BEGIN Data for processing

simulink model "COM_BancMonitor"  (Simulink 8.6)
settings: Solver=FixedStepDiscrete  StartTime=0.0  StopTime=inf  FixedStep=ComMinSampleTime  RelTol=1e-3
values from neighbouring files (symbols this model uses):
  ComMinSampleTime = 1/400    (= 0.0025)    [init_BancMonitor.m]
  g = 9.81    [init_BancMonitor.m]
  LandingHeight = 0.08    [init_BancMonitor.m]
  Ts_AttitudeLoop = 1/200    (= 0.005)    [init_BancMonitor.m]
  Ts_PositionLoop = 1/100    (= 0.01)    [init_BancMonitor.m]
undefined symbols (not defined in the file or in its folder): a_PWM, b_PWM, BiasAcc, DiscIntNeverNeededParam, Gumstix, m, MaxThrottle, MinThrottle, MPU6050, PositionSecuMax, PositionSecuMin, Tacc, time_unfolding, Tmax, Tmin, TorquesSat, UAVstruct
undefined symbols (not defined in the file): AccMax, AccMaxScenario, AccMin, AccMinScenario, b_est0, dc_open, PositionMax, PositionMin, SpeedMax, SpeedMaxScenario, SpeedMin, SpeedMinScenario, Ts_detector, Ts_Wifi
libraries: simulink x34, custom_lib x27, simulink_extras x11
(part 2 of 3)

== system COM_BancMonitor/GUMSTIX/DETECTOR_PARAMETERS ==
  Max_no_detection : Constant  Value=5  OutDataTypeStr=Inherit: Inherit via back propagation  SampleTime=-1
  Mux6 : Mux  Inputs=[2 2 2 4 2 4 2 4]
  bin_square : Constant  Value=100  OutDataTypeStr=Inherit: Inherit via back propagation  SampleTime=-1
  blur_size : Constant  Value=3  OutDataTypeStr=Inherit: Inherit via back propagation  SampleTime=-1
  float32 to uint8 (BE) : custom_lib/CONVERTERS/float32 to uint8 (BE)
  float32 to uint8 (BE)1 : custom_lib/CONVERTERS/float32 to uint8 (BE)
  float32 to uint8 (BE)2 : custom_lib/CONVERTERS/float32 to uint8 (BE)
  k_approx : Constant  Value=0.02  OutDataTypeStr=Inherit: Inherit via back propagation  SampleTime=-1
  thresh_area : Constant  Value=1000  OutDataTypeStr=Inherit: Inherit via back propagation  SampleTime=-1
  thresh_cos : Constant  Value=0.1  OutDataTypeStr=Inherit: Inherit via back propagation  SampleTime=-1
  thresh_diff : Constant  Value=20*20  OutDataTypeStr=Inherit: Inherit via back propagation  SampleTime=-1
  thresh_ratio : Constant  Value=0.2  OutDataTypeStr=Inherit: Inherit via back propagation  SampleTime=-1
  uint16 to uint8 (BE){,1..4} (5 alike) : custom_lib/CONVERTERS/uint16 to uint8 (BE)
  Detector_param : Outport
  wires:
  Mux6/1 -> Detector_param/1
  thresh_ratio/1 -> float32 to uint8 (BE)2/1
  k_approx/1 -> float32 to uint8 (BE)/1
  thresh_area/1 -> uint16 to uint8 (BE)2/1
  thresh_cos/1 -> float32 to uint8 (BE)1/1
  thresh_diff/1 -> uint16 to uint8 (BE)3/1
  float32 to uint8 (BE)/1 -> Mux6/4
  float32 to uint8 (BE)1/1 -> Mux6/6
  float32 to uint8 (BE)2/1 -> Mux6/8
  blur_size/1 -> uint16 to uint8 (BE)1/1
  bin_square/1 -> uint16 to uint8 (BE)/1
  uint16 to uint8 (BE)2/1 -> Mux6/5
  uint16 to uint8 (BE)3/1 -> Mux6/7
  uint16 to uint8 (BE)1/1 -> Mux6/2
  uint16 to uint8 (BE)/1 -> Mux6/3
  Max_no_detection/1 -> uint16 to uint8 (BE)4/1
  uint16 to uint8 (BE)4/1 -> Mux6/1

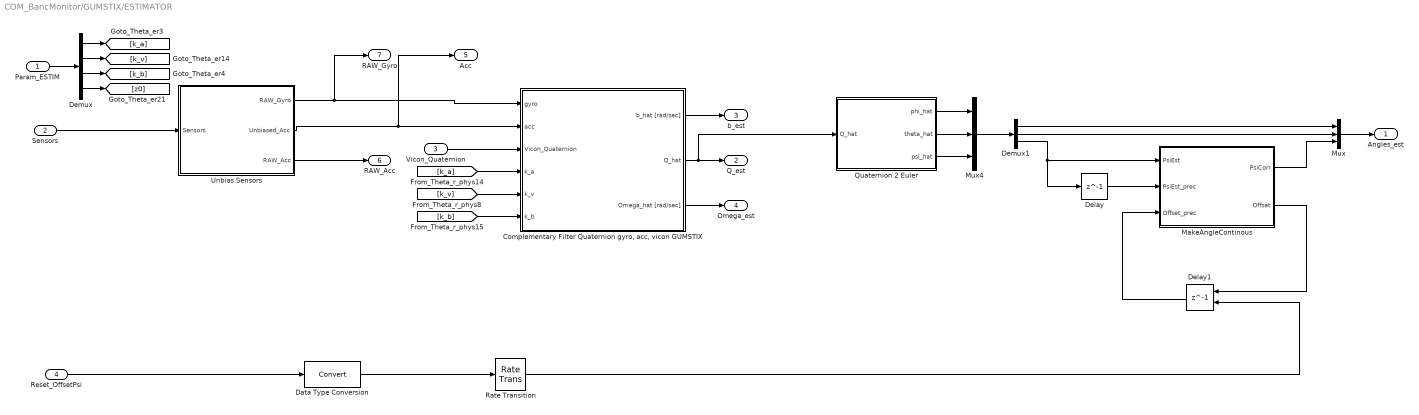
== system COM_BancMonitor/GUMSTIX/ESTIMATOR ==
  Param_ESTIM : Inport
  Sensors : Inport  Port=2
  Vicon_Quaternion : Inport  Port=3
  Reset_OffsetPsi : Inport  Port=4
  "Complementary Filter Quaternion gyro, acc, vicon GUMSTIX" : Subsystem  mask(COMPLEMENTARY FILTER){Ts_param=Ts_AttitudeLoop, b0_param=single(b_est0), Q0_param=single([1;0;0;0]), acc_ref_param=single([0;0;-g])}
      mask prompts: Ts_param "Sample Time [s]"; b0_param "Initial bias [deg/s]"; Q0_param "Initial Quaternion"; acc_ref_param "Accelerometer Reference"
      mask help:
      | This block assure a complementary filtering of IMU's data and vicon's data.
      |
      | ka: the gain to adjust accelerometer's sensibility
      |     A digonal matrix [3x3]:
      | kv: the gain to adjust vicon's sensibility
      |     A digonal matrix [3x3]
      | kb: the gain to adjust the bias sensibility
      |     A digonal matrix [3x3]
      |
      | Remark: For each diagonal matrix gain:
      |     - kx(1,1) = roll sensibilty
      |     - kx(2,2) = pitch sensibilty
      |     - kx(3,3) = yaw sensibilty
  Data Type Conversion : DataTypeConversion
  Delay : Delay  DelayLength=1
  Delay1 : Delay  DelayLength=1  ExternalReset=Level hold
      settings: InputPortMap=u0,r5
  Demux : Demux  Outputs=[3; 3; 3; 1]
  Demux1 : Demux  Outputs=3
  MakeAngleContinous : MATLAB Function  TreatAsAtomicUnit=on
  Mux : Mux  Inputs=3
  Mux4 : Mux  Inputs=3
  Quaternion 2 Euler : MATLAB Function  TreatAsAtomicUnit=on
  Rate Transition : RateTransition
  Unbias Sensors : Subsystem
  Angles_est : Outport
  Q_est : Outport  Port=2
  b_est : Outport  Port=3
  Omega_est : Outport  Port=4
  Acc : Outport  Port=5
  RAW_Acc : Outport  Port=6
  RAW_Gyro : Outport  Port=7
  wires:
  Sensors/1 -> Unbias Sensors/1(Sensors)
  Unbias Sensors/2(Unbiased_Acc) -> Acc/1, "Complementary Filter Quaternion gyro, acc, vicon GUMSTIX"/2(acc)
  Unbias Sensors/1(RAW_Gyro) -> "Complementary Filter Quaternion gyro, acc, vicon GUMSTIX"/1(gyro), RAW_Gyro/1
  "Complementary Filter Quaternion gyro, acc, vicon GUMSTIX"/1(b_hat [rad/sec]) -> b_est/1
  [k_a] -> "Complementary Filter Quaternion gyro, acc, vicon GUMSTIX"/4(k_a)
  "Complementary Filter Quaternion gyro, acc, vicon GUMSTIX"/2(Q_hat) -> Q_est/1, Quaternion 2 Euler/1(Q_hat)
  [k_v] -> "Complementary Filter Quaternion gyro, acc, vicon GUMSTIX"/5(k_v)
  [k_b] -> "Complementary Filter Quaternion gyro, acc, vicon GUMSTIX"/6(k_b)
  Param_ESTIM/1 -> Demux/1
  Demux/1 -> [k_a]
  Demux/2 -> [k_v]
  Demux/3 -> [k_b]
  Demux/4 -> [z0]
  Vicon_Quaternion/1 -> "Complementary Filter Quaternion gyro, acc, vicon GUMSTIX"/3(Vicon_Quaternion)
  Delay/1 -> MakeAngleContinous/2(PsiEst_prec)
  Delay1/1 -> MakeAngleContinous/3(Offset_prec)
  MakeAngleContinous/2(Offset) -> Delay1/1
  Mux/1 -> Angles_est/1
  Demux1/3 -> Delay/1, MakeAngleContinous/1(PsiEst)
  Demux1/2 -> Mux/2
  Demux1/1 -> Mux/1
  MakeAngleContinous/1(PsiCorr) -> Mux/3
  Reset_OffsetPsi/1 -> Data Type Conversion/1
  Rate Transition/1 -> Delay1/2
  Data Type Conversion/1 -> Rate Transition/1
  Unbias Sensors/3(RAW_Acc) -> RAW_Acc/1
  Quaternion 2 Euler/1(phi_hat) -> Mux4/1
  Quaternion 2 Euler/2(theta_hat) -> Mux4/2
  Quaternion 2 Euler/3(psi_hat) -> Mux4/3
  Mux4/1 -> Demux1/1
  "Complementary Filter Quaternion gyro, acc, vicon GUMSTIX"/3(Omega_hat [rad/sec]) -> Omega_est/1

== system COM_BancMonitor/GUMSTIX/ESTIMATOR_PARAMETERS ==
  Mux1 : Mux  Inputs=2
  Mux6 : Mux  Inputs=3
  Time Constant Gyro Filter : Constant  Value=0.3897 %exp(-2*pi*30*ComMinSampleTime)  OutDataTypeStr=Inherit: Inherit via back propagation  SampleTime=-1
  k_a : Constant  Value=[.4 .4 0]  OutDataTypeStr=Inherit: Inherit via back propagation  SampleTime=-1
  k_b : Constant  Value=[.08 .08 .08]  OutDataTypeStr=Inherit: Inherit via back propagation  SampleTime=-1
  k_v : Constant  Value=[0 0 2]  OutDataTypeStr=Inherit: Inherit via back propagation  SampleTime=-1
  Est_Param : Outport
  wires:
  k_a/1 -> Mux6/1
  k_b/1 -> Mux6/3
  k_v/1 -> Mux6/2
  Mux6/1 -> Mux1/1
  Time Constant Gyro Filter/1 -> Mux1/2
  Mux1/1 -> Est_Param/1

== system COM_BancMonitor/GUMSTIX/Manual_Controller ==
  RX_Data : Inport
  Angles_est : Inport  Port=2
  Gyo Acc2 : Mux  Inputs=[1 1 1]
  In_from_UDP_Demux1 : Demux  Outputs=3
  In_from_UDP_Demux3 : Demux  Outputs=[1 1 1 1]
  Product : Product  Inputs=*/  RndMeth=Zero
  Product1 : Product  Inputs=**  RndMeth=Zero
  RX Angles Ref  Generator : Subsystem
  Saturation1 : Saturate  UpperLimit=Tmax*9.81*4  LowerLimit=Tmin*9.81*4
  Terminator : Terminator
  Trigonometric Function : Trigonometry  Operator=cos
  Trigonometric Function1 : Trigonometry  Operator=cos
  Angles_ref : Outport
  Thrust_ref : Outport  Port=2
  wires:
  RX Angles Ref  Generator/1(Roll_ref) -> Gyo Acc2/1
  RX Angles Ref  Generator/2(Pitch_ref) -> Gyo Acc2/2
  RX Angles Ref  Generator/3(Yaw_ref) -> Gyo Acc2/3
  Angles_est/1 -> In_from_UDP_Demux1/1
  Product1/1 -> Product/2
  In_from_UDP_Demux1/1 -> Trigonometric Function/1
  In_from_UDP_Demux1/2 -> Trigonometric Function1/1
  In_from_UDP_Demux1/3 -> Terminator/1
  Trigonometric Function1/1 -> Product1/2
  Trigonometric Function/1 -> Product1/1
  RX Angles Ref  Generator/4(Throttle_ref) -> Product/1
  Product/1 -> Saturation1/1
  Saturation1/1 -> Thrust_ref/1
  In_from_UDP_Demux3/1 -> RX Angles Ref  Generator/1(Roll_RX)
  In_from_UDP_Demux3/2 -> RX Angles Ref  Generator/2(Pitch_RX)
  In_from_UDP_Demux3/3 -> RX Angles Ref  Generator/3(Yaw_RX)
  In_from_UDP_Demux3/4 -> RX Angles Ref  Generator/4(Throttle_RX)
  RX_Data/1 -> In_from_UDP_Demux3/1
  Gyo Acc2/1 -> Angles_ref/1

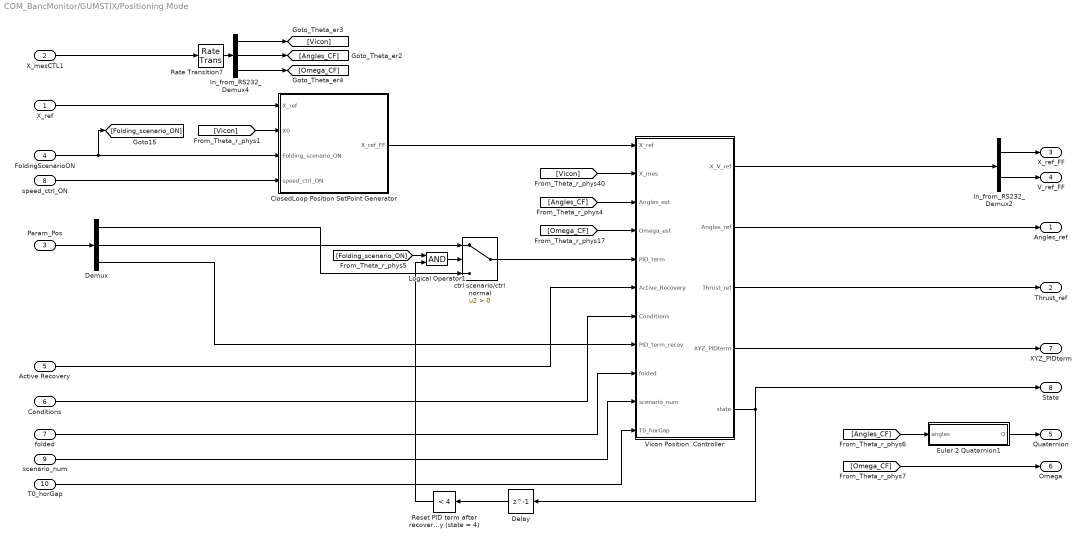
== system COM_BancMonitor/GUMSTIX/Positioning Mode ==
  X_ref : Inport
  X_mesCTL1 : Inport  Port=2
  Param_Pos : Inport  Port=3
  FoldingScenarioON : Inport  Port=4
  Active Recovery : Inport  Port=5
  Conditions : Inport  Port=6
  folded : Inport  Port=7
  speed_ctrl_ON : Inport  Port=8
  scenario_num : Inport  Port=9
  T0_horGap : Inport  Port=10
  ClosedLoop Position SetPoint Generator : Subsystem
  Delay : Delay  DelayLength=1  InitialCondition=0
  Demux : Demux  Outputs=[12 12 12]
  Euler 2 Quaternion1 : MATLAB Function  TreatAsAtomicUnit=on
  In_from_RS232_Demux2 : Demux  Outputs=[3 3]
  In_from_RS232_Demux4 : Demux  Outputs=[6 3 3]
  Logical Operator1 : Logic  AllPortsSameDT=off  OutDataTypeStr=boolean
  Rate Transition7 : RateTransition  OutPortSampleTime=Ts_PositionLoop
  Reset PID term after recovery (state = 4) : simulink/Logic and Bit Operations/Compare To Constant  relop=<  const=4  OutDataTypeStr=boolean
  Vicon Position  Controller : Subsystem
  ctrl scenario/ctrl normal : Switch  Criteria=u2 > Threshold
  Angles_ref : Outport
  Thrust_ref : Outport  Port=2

END Data for processing

▶ [Prompt] Retype the records above, but only those lines that fall between the line containing "adjust accelerometer's sensibility" and the line containing "b_est : Outport", with both of those lines included, exactly as written.

▶ [Your solution]
      | ka: the gain to adjust accelerometer's sensibility
      |     A digonal matrix [3x3]:
      | kv: the gain to adjust vicon's sensibility
      |     A digonal matrix [3x3]
      | kb: the gain to adjust the bias sensibility
      |     A digonal matrix [3x3]
      |
      | Remark: For each diagonal matrix gain:
      |     - kx(1,1) = roll sensibilty
      |     - kx(2,2) = pitch sensibilty
      |     - kx(3,3) = yaw sensibilty
  Data Type Conversion : DataTypeConversion
  Delay : Delay  DelayLength=1
  Delay1 : Delay  DelayLength=1  ExternalReset=Level hold
      settings: InputPortMap=u0,r5
  Demux : Demux  Outputs=[3; 3; 3; 1]
  Demux1 : Demux  Outputs=3
  MakeAngleContinous : MATLAB Function  TreatAsAtomicUnit=on
  Mux : Mux  Inputs=3
  Mux4 : Mux  Inputs=3
  Quaternion 2 Euler : MATLAB Function  TreatAsAtomicUnit=on
  Rate Transition : RateTransition
  Unbias Sensors : Subsystem
  Angles_est : Outport
  Q_est : Outport  Port=2
  b_est : Outport  Port=3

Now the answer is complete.